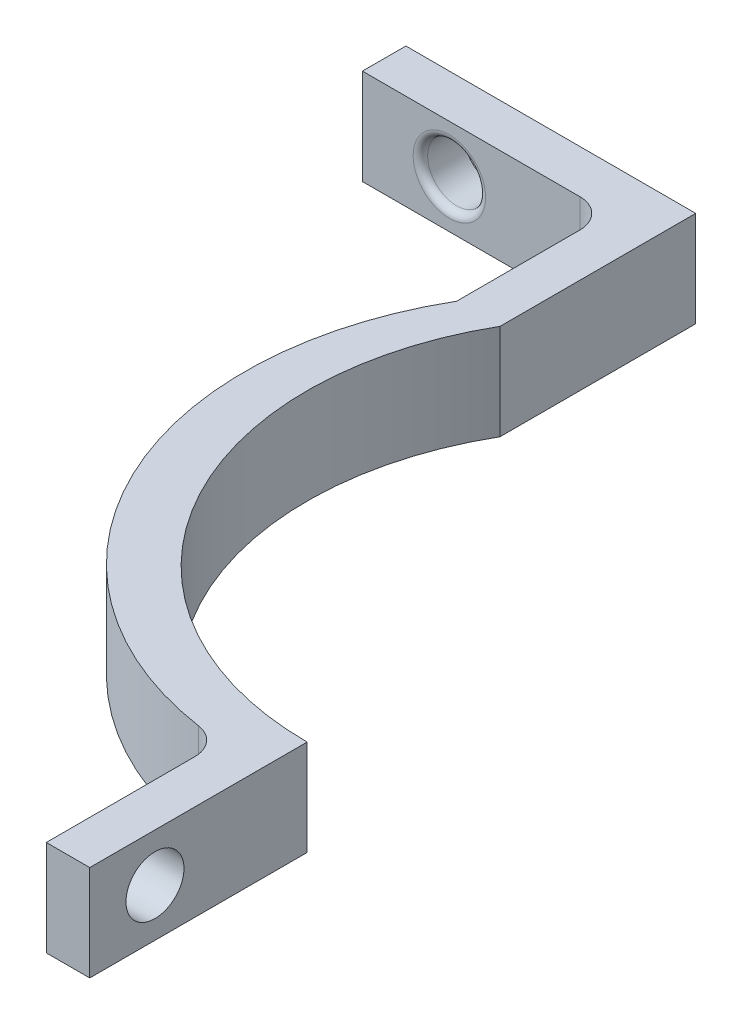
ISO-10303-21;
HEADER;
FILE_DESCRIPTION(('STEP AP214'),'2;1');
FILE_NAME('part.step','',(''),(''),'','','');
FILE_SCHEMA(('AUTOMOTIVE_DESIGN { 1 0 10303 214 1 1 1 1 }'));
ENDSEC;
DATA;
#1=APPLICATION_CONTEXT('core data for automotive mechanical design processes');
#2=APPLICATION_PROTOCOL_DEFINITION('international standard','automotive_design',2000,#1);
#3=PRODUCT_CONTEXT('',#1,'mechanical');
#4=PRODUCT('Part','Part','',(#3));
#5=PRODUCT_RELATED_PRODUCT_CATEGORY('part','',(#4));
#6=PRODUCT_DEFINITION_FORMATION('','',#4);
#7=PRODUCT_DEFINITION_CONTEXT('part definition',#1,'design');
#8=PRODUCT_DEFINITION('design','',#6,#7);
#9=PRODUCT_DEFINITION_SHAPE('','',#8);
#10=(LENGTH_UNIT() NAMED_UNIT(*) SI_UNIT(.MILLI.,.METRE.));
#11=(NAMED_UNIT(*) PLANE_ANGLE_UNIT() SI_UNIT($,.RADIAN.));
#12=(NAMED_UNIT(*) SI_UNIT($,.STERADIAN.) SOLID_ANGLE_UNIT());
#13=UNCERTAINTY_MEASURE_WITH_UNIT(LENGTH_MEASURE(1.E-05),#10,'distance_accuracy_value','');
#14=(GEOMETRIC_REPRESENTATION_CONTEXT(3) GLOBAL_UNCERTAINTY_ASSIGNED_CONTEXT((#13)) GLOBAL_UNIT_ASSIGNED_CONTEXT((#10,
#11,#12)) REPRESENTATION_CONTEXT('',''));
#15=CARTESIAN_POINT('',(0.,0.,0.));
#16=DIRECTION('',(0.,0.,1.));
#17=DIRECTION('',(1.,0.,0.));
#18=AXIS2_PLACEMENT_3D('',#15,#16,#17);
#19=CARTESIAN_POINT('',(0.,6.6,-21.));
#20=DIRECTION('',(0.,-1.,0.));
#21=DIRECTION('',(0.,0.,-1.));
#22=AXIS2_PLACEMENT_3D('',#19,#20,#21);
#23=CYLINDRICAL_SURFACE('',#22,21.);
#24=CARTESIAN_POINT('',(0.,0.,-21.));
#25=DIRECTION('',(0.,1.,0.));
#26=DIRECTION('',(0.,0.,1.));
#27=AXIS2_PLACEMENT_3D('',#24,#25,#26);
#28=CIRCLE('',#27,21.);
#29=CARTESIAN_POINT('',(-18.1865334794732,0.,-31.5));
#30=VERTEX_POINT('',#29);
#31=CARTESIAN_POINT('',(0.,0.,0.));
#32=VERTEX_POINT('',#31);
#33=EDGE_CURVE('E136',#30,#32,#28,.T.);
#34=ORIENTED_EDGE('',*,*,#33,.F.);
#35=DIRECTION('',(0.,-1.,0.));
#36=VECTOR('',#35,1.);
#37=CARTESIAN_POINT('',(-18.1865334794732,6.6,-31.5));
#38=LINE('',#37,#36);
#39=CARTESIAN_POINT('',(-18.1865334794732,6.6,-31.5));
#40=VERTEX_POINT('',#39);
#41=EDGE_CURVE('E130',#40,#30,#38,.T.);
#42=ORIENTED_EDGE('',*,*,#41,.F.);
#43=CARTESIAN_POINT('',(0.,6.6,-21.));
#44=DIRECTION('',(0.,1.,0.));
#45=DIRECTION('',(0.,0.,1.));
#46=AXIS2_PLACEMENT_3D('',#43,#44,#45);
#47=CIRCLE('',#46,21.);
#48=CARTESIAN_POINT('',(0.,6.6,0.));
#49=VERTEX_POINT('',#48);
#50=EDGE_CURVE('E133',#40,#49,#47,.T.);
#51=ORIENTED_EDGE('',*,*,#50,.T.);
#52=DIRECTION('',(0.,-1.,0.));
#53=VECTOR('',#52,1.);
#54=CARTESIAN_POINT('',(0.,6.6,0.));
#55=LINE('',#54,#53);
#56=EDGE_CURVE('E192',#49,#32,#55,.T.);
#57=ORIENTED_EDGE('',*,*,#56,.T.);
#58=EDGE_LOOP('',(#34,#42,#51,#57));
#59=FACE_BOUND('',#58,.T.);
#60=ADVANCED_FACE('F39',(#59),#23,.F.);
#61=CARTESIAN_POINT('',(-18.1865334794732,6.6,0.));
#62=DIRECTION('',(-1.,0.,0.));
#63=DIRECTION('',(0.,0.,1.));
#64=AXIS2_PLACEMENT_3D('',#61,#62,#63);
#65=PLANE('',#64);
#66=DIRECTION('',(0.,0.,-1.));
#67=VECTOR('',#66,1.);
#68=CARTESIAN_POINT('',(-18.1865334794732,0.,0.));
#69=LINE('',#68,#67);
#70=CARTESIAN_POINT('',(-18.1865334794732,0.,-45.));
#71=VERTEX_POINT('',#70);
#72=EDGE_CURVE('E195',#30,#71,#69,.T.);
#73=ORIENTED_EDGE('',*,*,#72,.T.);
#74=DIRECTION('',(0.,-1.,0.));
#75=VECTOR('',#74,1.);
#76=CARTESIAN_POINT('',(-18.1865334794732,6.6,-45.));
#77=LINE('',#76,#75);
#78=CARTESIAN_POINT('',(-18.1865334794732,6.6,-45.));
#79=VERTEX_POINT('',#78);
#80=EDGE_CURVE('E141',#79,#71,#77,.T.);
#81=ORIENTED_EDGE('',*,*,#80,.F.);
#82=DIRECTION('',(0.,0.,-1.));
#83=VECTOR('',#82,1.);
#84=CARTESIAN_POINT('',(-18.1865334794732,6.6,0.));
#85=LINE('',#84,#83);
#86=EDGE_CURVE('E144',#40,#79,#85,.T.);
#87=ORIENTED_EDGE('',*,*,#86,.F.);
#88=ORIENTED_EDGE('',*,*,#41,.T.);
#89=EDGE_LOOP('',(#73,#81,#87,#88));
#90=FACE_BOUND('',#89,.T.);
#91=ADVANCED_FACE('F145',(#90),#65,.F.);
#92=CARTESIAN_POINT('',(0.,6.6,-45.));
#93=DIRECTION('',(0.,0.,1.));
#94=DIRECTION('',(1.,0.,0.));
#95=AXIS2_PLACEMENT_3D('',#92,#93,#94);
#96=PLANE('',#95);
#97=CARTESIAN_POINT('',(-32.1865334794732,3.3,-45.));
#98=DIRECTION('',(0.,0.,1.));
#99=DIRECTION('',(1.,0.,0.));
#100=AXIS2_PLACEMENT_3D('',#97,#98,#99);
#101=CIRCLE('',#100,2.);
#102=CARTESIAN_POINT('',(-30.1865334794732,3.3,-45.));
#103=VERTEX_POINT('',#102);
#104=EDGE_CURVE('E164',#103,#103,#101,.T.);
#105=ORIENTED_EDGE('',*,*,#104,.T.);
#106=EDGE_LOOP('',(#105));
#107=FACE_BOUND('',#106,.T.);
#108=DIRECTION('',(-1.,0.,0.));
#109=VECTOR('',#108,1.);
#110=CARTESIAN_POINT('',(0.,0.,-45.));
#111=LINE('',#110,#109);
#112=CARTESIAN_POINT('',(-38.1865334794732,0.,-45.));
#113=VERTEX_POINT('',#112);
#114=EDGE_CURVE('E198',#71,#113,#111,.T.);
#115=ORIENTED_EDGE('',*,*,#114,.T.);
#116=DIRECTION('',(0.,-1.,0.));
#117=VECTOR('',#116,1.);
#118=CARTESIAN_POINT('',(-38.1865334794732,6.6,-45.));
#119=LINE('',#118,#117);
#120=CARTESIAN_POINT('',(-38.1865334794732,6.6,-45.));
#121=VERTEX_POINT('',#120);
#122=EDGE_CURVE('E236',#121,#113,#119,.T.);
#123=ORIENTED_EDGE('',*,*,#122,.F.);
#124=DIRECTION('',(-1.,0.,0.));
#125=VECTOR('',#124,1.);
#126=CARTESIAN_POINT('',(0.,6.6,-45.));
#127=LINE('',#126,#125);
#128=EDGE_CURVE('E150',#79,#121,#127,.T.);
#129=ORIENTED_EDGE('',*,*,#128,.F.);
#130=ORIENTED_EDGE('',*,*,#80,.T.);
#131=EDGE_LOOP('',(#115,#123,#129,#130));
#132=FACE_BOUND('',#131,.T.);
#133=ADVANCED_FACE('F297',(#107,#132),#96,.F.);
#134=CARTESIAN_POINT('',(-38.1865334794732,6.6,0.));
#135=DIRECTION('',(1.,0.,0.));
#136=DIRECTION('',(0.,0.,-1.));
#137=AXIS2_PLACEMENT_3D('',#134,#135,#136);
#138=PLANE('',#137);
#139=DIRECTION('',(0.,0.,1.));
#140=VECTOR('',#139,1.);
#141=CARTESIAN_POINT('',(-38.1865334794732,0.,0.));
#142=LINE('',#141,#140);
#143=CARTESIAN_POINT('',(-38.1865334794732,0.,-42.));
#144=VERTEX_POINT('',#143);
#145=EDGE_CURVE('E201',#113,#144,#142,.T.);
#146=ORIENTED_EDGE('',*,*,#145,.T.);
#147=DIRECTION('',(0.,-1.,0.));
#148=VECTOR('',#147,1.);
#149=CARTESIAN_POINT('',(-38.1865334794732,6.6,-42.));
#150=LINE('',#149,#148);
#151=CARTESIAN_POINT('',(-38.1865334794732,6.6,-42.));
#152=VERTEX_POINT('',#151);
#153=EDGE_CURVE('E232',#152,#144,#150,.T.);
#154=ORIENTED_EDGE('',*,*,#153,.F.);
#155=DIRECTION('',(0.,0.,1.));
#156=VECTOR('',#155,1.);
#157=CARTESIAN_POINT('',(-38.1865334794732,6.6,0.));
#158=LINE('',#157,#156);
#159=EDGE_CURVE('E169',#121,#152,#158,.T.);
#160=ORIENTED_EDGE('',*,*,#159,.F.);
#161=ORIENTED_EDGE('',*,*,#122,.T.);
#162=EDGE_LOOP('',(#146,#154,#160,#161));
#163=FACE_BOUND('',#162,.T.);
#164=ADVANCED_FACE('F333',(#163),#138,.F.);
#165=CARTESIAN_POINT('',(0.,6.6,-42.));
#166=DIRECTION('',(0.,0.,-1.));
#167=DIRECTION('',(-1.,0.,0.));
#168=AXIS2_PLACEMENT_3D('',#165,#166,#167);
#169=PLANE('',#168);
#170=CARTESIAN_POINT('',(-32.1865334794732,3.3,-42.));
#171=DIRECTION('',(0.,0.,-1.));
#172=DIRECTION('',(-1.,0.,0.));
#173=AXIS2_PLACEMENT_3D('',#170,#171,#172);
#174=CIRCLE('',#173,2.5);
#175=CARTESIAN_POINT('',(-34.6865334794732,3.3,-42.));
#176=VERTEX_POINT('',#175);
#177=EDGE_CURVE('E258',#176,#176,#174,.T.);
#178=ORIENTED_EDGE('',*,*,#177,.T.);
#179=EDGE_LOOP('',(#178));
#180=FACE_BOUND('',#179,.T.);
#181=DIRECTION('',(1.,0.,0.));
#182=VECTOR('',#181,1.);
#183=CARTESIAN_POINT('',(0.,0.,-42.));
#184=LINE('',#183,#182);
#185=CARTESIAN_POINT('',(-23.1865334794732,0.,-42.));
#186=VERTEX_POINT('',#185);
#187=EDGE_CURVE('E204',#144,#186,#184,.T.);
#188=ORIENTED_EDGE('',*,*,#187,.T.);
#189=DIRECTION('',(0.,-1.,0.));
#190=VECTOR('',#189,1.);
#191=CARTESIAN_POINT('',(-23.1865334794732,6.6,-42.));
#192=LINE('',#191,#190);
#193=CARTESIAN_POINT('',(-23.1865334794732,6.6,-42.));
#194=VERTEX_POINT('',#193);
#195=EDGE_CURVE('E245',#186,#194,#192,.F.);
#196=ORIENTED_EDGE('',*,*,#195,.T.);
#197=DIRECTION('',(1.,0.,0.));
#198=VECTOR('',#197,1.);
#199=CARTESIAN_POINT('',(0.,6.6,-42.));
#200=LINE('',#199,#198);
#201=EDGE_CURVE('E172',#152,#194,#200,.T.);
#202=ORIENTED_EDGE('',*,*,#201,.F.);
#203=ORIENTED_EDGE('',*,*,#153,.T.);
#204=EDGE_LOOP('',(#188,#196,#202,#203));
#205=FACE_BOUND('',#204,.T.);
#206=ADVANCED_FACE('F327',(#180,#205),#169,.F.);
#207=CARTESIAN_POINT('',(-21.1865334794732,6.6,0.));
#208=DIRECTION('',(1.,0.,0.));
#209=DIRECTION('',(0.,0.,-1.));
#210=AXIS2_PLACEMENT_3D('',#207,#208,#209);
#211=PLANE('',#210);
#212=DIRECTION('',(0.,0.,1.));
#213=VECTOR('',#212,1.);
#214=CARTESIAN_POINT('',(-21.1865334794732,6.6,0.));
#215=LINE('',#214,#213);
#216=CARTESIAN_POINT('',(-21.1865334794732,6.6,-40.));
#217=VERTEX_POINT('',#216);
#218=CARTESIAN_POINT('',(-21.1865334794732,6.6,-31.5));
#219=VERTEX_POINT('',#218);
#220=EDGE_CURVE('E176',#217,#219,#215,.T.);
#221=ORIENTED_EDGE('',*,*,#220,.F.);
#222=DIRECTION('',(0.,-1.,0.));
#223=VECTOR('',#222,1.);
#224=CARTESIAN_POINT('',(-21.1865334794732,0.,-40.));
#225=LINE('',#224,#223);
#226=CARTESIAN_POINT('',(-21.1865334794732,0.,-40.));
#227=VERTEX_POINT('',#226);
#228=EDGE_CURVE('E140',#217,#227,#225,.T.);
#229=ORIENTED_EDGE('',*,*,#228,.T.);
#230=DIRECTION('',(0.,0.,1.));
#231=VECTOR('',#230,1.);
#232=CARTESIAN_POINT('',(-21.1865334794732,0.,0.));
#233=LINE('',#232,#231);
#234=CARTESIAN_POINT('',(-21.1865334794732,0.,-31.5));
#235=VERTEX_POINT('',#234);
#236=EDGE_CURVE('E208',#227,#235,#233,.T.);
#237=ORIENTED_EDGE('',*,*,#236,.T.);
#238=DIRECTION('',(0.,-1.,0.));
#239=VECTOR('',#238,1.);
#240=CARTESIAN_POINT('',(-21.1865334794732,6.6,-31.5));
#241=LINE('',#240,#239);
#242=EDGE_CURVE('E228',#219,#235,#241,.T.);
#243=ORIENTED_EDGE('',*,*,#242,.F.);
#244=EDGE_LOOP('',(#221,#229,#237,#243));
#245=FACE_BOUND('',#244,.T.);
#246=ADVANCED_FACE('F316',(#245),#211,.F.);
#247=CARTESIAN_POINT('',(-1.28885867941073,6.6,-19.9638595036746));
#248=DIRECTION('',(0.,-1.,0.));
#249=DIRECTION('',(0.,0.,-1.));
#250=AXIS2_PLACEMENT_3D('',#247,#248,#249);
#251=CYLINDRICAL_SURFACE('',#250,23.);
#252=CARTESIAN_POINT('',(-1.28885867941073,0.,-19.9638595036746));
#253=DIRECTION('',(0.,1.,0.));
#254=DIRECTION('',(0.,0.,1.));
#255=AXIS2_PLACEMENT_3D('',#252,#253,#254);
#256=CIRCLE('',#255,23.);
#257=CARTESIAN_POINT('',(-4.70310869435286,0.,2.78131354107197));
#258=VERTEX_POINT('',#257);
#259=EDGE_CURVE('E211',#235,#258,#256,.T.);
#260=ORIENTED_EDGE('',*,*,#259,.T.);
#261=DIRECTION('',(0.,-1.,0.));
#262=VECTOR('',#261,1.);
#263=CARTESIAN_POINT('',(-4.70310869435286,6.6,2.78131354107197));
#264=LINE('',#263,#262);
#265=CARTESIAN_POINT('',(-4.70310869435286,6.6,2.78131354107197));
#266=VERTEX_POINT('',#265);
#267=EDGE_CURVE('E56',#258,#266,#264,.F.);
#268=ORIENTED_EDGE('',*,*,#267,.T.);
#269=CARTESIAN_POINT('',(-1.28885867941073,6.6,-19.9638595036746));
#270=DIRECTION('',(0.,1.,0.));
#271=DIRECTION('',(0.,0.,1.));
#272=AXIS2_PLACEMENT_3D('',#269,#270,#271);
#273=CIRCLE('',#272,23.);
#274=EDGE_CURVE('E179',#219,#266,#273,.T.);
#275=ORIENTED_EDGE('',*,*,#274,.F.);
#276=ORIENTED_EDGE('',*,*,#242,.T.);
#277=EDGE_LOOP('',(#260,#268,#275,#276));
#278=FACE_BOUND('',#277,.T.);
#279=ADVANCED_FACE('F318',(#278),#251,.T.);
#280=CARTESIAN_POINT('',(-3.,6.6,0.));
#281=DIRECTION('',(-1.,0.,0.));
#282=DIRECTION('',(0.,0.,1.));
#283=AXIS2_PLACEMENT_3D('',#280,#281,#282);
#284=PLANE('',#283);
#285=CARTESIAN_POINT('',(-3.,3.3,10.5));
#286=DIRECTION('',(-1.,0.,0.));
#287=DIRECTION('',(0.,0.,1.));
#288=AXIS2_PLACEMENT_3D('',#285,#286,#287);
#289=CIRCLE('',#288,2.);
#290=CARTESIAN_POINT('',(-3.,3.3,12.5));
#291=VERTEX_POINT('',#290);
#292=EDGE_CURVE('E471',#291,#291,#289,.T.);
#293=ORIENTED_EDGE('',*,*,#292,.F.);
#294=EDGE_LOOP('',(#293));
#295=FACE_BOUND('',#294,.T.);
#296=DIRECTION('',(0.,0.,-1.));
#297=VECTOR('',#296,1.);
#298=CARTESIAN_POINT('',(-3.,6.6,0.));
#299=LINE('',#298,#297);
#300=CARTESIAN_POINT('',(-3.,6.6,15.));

### WORK REQUEST
Reproduce word for word the material above, beginning with the line that contains "#40=VERTEX_POINT('',#39);" and ending with the line that contains "#94=DIRECTION('',(1.,0.,0.));".

### ANSWER AREA
#40=VERTEX_POINT('',#39);
#41=EDGE_CURVE('E130',#40,#30,#38,.T.);
#42=ORIENTED_EDGE('',*,*,#41,.F.);
#43=CARTESIAN_POINT('',(0.,6.6,-21.));
#44=DIRECTION('',(0.,1.,0.));
#45=DIRECTION('',(0.,0.,1.));
#46=AXIS2_PLACEMENT_3D('',#43,#44,#45);
#47=CIRCLE('',#46,21.);
#48=CARTESIAN_POINT('',(0.,6.6,0.));
#49=VERTEX_POINT('',#48);
#50=EDGE_CURVE('E133',#40,#49,#47,.T.);
#51=ORIENTED_EDGE('',*,*,#50,.T.);
#52=DIRECTION('',(0.,-1.,0.));
#53=VECTOR('',#52,1.);
#54=CARTESIAN_POINT('',(0.,6.6,0.));
#55=LINE('',#54,#53);
#56=EDGE_CURVE('E192',#49,#32,#55,.T.);
#57=ORIENTED_EDGE('',*,*,#56,.T.);
#58=EDGE_LOOP('',(#34,#42,#51,#57));
#59=FACE_BOUND('',#58,.T.);
#60=ADVANCED_FACE('F39',(#59),#23,.F.);
#61=CARTESIAN_POINT('',(-18.1865334794732,6.6,0.));
#62=DIRECTION('',(-1.,0.,0.));
#63=DIRECTION('',(0.,0.,1.));
#64=AXIS2_PLACEMENT_3D('',#61,#62,#63);
#65=PLANE('',#64);
#66=DIRECTION('',(0.,0.,-1.));
#67=VECTOR('',#66,1.);
#68=CARTESIAN_POINT('',(-18.1865334794732,0.,0.));
#69=LINE('',#68,#67);
#70=CARTESIAN_POINT('',(-18.1865334794732,0.,-45.));
#71=VERTEX_POINT('',#70);
#72=EDGE_CURVE('E195',#30,#71,#69,.T.);
#73=ORIENTED_EDGE('',*,*,#72,.T.);
#74=DIRECTION('',(0.,-1.,0.));
#75=VECTOR('',#74,1.);
#76=CARTESIAN_POINT('',(-18.1865334794732,6.6,-45.));
#77=LINE('',#76,#75);
#78=CARTESIAN_POINT('',(-18.1865334794732,6.6,-45.));
#79=VERTEX_POINT('',#78);
#80=EDGE_CURVE('E141',#79,#71,#77,.T.);
#81=ORIENTED_EDGE('',*,*,#80,.F.);
#82=DIRECTION('',(0.,0.,-1.));
#83=VECTOR('',#82,1.);
#84=CARTESIAN_POINT('',(-18.1865334794732,6.6,0.));
#85=LINE('',#84,#83);
#86=EDGE_CURVE('E144',#40,#79,#85,.T.);
#87=ORIENTED_EDGE('',*,*,#86,.F.);
#88=ORIENTED_EDGE('',*,*,#41,.T.);
#89=EDGE_LOOP('',(#73,#81,#87,#88));
#90=FACE_BOUND('',#89,.T.);
#91=ADVANCED_FACE('F145',(#90),#65,.F.);
#92=CARTESIAN_POINT('',(0.,6.6,-45.));
#93=DIRECTION('',(0.,0.,1.));
#94=DIRECTION('',(1.,0.,0.));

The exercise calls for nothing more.